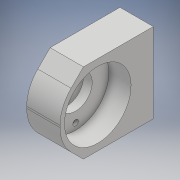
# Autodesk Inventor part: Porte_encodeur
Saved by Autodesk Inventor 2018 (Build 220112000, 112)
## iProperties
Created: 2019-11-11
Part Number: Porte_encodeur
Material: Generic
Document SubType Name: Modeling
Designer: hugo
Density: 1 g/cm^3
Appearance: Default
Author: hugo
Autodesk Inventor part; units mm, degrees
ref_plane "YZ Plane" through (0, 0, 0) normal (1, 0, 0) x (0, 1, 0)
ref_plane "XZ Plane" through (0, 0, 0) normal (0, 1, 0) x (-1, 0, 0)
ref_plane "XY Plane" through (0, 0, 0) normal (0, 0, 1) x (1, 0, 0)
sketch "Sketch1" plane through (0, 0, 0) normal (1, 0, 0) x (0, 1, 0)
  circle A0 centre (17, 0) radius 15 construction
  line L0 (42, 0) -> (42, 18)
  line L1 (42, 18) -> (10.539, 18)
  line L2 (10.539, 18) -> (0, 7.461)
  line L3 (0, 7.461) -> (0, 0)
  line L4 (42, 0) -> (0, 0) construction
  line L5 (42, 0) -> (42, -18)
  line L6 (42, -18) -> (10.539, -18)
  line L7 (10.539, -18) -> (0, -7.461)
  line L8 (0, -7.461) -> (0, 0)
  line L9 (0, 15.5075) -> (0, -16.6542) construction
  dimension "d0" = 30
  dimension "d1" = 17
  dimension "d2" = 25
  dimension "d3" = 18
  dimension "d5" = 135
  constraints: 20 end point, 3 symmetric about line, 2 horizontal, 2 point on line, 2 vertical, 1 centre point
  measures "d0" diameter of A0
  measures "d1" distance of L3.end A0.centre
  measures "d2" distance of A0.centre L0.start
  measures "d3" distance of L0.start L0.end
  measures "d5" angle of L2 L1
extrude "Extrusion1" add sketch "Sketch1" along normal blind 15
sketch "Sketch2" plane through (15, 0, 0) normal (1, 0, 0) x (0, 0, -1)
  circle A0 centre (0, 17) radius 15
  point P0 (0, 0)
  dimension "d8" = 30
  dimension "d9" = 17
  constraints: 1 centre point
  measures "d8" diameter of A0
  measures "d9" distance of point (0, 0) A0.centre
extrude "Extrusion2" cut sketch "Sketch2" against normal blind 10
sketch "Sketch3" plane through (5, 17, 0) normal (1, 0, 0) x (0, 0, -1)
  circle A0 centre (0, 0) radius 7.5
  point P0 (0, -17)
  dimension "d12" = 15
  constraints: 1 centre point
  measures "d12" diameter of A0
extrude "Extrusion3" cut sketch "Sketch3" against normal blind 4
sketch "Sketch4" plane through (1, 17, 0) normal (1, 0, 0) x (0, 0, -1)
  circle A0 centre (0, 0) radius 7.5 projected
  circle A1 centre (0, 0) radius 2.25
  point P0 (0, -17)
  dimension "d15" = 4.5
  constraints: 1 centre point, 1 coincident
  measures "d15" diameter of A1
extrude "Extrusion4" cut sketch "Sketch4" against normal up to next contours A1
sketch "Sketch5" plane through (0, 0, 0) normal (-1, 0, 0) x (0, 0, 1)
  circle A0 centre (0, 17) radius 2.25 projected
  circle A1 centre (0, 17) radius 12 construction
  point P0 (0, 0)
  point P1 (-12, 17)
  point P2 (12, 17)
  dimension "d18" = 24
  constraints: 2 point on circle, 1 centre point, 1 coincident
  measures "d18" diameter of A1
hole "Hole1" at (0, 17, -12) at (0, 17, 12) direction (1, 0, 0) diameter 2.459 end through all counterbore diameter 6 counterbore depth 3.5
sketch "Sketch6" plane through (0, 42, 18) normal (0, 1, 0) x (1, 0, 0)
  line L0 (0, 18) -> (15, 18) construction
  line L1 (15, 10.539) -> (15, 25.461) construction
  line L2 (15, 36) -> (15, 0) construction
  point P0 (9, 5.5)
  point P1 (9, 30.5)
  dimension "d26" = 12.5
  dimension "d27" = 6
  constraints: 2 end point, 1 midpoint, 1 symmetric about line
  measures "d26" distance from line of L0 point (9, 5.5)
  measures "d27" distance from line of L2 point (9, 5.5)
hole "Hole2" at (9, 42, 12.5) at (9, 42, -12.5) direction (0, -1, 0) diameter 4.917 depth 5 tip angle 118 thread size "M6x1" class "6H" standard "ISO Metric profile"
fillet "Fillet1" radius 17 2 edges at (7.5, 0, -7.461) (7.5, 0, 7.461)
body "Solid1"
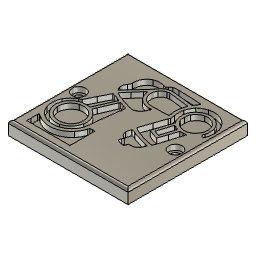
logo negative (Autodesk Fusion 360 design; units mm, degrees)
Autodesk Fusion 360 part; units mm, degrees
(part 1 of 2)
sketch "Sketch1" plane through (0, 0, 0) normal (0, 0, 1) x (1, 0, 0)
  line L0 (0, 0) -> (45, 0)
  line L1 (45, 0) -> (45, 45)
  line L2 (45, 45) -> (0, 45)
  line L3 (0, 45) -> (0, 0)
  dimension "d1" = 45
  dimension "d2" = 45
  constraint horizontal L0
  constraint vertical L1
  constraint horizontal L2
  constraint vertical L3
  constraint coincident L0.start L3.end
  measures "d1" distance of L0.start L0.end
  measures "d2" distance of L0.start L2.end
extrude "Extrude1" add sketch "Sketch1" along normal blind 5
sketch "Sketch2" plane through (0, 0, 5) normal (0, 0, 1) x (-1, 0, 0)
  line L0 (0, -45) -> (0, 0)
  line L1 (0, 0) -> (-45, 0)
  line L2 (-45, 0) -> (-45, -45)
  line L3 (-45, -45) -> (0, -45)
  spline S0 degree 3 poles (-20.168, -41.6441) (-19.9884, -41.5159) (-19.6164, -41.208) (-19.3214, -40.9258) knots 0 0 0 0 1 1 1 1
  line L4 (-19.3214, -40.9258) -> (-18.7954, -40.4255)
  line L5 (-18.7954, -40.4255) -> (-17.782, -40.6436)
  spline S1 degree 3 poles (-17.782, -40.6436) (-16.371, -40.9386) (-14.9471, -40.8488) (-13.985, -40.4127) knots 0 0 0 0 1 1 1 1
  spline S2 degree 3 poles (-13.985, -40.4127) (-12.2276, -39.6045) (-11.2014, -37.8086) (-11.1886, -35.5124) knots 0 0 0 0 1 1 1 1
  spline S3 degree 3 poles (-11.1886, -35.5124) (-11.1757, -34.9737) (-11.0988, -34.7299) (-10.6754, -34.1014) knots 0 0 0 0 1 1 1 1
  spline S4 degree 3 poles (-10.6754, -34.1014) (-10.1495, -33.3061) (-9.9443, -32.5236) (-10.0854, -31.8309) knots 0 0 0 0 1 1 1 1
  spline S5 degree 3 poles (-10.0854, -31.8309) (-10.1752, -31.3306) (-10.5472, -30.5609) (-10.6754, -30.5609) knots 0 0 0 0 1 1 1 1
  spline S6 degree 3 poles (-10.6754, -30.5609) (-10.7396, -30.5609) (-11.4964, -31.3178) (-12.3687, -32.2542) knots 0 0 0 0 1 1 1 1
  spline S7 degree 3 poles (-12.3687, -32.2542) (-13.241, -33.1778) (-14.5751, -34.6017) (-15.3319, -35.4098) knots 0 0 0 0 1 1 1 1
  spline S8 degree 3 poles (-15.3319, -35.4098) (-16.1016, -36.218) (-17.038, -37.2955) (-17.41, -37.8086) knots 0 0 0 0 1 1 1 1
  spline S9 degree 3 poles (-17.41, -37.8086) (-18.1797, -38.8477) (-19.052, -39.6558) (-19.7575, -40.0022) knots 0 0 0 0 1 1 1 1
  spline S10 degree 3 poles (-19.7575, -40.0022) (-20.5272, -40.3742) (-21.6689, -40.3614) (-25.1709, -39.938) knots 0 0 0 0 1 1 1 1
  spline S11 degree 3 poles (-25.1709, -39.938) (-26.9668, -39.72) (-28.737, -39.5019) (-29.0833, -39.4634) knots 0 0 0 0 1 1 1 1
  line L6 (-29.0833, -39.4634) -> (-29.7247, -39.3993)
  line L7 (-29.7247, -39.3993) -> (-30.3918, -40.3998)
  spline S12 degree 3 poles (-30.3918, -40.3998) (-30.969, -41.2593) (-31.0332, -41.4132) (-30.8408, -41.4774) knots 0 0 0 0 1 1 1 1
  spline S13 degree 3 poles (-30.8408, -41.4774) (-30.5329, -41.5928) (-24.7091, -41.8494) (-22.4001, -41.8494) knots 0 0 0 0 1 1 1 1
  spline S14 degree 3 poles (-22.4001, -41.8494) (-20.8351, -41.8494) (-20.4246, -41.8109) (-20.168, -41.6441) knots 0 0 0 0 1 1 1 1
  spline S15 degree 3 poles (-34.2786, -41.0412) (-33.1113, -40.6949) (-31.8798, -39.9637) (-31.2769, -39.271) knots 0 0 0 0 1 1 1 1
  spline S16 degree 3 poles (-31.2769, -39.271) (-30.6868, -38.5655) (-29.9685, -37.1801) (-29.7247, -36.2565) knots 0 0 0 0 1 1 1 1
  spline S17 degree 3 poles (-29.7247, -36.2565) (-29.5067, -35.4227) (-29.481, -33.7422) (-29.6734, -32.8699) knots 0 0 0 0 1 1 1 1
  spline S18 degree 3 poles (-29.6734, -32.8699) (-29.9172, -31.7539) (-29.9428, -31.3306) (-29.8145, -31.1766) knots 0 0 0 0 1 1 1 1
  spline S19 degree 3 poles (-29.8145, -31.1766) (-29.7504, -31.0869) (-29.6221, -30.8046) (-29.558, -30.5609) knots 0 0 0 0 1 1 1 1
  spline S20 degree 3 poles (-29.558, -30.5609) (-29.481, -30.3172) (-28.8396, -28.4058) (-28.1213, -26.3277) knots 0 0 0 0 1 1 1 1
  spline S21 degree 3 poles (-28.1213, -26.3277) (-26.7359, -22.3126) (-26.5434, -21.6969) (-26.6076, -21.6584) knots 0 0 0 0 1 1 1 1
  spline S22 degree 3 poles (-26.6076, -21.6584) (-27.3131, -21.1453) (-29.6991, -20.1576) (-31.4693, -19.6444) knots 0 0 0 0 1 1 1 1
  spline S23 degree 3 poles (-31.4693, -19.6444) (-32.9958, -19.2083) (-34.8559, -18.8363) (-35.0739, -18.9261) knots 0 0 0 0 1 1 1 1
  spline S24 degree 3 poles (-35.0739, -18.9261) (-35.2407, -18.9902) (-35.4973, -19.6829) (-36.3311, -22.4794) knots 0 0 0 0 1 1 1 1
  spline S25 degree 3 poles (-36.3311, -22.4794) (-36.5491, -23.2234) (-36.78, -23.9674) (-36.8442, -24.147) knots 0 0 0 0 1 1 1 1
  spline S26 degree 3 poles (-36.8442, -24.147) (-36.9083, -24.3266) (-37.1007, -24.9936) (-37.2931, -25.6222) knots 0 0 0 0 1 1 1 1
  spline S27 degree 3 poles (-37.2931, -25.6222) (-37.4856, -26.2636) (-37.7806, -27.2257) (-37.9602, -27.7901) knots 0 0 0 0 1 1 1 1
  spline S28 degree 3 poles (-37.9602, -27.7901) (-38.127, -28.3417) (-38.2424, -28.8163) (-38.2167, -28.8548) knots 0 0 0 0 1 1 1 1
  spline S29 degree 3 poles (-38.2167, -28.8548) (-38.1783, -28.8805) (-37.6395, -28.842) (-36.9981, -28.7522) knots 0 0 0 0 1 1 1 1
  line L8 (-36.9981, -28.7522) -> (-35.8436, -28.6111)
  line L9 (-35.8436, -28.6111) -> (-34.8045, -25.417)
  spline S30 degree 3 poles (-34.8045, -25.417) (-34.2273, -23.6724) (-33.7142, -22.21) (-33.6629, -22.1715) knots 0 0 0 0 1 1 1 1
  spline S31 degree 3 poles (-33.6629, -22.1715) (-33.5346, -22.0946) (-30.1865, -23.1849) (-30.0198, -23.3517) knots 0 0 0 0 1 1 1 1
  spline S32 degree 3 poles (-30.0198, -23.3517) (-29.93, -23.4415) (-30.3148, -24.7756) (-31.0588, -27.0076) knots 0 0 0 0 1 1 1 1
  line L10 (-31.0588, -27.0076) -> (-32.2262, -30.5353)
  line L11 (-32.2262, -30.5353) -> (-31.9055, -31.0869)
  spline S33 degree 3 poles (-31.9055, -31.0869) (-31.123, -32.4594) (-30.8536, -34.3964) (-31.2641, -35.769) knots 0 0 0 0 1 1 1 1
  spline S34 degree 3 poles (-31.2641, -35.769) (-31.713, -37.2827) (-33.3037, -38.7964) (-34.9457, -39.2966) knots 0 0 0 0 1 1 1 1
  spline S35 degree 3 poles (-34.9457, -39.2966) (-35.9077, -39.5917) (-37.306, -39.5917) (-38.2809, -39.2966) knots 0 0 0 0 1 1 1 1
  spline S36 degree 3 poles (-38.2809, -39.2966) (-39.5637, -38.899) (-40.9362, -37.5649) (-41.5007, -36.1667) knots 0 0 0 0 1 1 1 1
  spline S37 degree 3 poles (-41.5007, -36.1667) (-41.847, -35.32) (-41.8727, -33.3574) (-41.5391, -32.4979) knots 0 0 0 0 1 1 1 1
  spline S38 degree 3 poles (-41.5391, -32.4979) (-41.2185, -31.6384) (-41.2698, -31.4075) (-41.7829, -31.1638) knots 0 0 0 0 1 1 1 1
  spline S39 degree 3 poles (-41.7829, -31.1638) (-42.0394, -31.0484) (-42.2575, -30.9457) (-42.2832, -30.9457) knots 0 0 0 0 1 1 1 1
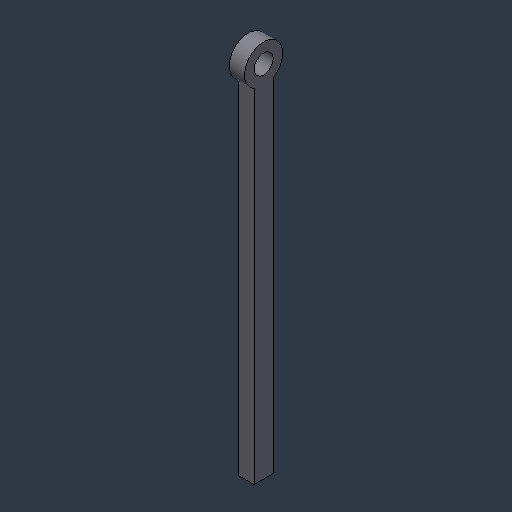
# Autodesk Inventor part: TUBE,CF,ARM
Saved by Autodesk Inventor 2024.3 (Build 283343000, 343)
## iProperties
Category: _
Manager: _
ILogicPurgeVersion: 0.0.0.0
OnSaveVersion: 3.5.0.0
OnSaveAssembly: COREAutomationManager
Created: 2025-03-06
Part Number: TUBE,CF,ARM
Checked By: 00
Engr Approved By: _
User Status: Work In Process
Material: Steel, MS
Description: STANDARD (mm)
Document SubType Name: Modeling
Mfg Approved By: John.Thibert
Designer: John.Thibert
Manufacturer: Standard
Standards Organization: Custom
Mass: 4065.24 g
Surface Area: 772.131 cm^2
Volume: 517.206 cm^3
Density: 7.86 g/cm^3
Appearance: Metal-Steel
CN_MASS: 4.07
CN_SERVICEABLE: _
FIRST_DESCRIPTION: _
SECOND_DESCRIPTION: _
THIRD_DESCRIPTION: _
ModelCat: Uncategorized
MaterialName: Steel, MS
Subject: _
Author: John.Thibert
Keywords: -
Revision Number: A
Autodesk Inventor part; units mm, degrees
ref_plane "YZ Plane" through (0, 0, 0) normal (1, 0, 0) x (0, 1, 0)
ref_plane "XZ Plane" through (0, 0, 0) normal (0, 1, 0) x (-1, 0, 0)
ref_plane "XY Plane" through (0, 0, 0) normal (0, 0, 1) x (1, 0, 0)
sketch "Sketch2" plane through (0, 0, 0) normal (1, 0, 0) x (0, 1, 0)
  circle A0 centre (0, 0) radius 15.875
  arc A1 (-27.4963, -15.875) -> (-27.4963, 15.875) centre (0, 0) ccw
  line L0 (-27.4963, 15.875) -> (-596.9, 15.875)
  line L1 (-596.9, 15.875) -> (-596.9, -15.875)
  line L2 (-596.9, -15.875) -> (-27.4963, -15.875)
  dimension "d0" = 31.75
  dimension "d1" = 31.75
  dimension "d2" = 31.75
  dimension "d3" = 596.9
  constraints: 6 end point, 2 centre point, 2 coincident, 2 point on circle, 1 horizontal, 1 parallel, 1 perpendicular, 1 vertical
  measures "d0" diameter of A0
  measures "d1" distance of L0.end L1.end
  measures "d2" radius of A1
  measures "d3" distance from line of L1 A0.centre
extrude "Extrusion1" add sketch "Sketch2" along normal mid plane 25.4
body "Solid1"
++++
The response must hold only the lines above from the line with "line L8 (0, -7.461) -> (0, 0)" through the line with "of A0.centre L0.start", each copied exactly, both ends kept.

  line L8 (0, -7.461) -> (0, 0)
  line L9 (0, 15.5075) -> (0, -16.6542) construction
  dimension "d0" = 30
  dimension "d1" = 17
  dimension "d2" = 25
  dimension "d3" = 18
  dimension "d5" = 135
  constraints: 20 end point, 3 symmetric about line, 2 horizontal, 2 point on line, 2 vertical, 1 centre point
  measures "d0" diameter of A0
  measures "d1" distance of L3.end A0.centre
  measures "d2" distance of A0.centre L0.start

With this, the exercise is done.